More details can be found at the official Laravel documentation.
Principles¶
- Events CAN be fired from
Actions
orTasks
. They are preferable to choose one place only (Tasks
are recommended). - Events SHOULD be created inside the Containers. However, generic Events CAN be created in the Ship layer.
Rules¶
- All Events MUST extend from
App\Ship\Parents\Events\Event
.
Folder Structure¶
app
Containers
{container-name}
Events
SomethingHappenedEvent.php
Listeners
ListenToMusicListener.php
Ship
Events
GlobalStateChanged.php
SomethingBigHappenedEvent.php
Enabling Events¶
Before you can use events you need to add the EventServiceProvider
to the MainServiceProvider
of the Ship (if this
has not been registered so far).

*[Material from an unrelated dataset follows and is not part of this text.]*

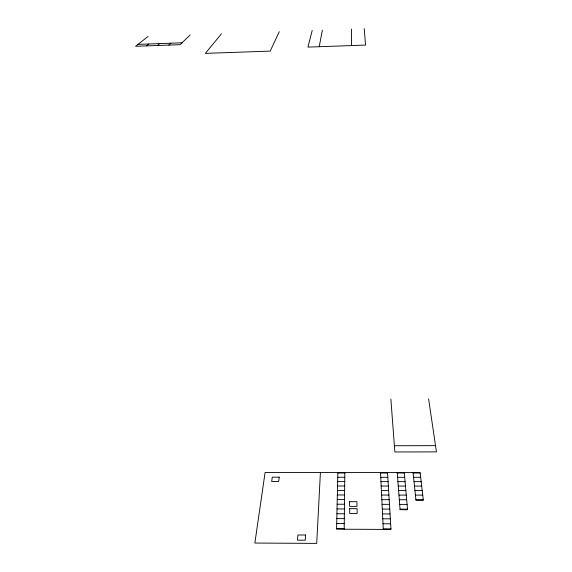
<?xml version="1.0" encoding="UTF-8"?>
<svg xmlns="http://www.w3.org/2000/svg" width="572" height="572" viewBox="0 0 572 572"><rect width="100%" height="100%" fill="white"/><g stroke="black" fill="none" stroke-linecap="round" stroke-linejoin="round"><path stroke-width="0.86" d="M344.194 529.229L344.83 472.515M337.859 472.522L336.565 529.193L390.983 529.443L387.537 472.522L265.086 472.529L254.862 543.05L316.709 543.4L320.406 472.522M319.219 46.718L322.372 30.123M312.198 30.495L307.943 47.111L365.572 45.088L364.2 28.6M279.265 31.696L270.206 51.115L205.305 53.375L221.514 33.798M190.118 34.942L180.173 44.688L135.564 46.282L148.055 36.479M168.819 45.095L170.878 43.2M157.493 45.495L159.674 43.601M146.518 45.889L148.82 43.994M137.988 44.38L182.096 42.8M394.394 445.738L435.514 445.645M387.537 472.522L420.127 472.508L423.33 500.3L415.944 500.278L413.07 472.508M337.852 473.015L344.823 473.015M380.544 473.023L387.573 473.023M397.261 473.023L404.311 473.023M413.12 473.015L420.184 473.015M337.752 477.284L344.78 477.284M380.752 477.305L387.83 477.305M397.59 477.313L404.69 477.313M413.57 477.305L420.677 477.305M337.652 481.61L344.73 481.617M380.966 481.645L388.095 481.653M397.926 481.66L405.076 481.667M414.014 481.66L421.185 481.667M337.551 486.007L344.68 486.007M381.181 486.05L388.359 486.057M398.269 486.078L405.462 486.086M414.471 486.078L421.693 486.086M337.451 490.461L344.63 490.469M381.395 490.526L388.631 490.533M398.612 490.554L405.863 490.561M414.936 490.561L422.207 490.576M337.344 494.98L344.58 494.994M381.617 495.059L388.903 495.073M398.956 495.095L406.263 495.109M415.408 495.116L422.737 495.123M337.244 499.563L344.53 499.585M381.846 499.671L389.182 499.685M415.887 499.728L423.266 499.749M399.313 499.706L406.671 499.728M337.137 504.225L344.473 504.239M382.067 504.34L389.468 504.361M399.671 504.39L407.085 504.411M337.03 508.951L344.423 508.973M382.303 509.087L389.754 509.109M400.035 509.144L407.507 509.166M336.915 513.749L344.373 513.77M382.539 513.906L390.047 513.928M336.808 518.618L344.315 518.647M382.775 518.797L390.34 518.818M336.693 523.566L344.258 523.594M383.018 523.759L390.64 523.795M336.579 528.585L344.201 528.621M383.261 528.807L390.948 528.843M428.614 398.913L436.436 451.894L394.859 451.973L390.876 399.142M404.261 472.522L407.557 509.731L400.078 509.709L397.225 472.522M380.523 472.522L383.29 529.407M351.537 29.065L351.544 45.581M349.614 501.68L349.599 506.37L356.978 506.392L356.942 501.694L349.614 501.68M349.699 508.644L349.685 513.442L357.15 513.47L357.107 508.665L349.699 508.644M305.577 535.02L305.212 540.211L297.497 540.175L297.919 534.984L305.577 535.02M279.207 477.162L278.686 481.467L271.693 481.46L272.258 477.162L279.207 477.162"/></g></svg>

See example below.
<?php
namespace App\Containers\Car\Providers;
class MainServiceProvider extends MainProvider
{
/**
* Container Service Providers.
* @var array
*/
public $serviceProviders = [
EventServiceProvider::class,
];
// ...
}
Usage¶
In Laravel you can create and register events in multiple way. Below is an example of an Event that handles itself.
<?php
namespace App\Containers\User\Events;
use App\Containers\User\Models\User;
use App\Ship\Parents\Events\Event;
use Illuminate\Broadcasting\PrivateChannel;
use Illuminate\Contracts\Queue\ShouldQueue;
use Illuminate\Support\Facades\Log;
class UserRegisteredEvent extends Event implements ShouldQueue
{
protected $user;
public function __construct(User $user)
{
$this->user = $user;
}
public function handle()
{
Log::info('New User registration. ID = ' . $this->user->getHashedKey() . ' | Email = ' . $this->user->email . '.');
// ...
}
public function broadcastOn()
{
return new PrivateChannel('channel-name');
}
}
You will get more benefits creating Events Listeners
for each Event. To do this you will need to extend this
EventsProvider HiveApi\Core\Abstracts\Providers\EventsProvider
.
Your custom EventServiceProvider
needs to be registered in the containers MainServiceProvider
as well.
<?php
namespace App\Containers\Car\Providers;
use App\Ship\Parents\Providers\MainProvider;
/**
* Class MainServiceProvider.
* The Main Service Provider of this container, it will be automatically registered in the framework.
*/
class MainServiceProvider extends MainProvider
{
/**
* Container Service Providers.
* @var array
*/
public $serviceProviders = [
EventServiceProvider::class,
];
// ...
}
Dispatch Events¶
You can dispatch an Event from anywhere you want (ideally from Actions
and Tasks
). Consider the following example
for dispatching the Event class from the example above.
<?php
// using helper function
event(New UserEmailChangedEvent($user));
// manually
\App::make(\Illuminate\Contracts\Bus\Dispatcher\Dispatcher::class)->dispatch(New UserEmailChangedEvent($user));
Queueing an Event¶
Events can implement Illuminate\Contracts\Queue\ShouldQueue
to be queued.
Handling an Event¶
You can handle jobs on dispatching an event. To do so you need to implement one of the following interfaces:
HiveApi\Core\Abstracts\Events\Interfaces\ShouldHandleNow
HiveApi\Core\Abstracts\Events\Interfaces\ShouldHandle
This will force you to implement the handle
method and will make HiveApi execute the method upon dispatching the event.
- The
ShouldHandleNow
Interface will make the event execute the handle method as soon as the event gets dispatched. - The
ShouldHandle
Interface will create an event job and execute the handle method async (through Laravel jobs).
<?php
namespace App\Containers\Example\Events;
use HiveApi\Core\Abstracts\Events\Interfaces\ShouldHandle;
use App\Ship\Parents\Events\Event;
class ExampleEvent extends Event implements ShouldHandle
{
/**
* If ShouldHandle interface is implemented this variable
* sets the time (in seconds or timestamp) to wait before a job is executed
*
* @var \DateTimeInterface|\DateInterval|int|null $jobDelay
*/
public $jobDelay = 60;
/**
* If ShouldHandle interface is implemented this variable
* sets the name of the queue to push the job on
*
* @var string $jobQueue
*/
public $jobQueue = "example_queue";
public function handle()
{
// Do some handling here
}
}
Broadcasting¶
To define Broadcasting route go to app/Ship/Boardcasts/Routes.php
.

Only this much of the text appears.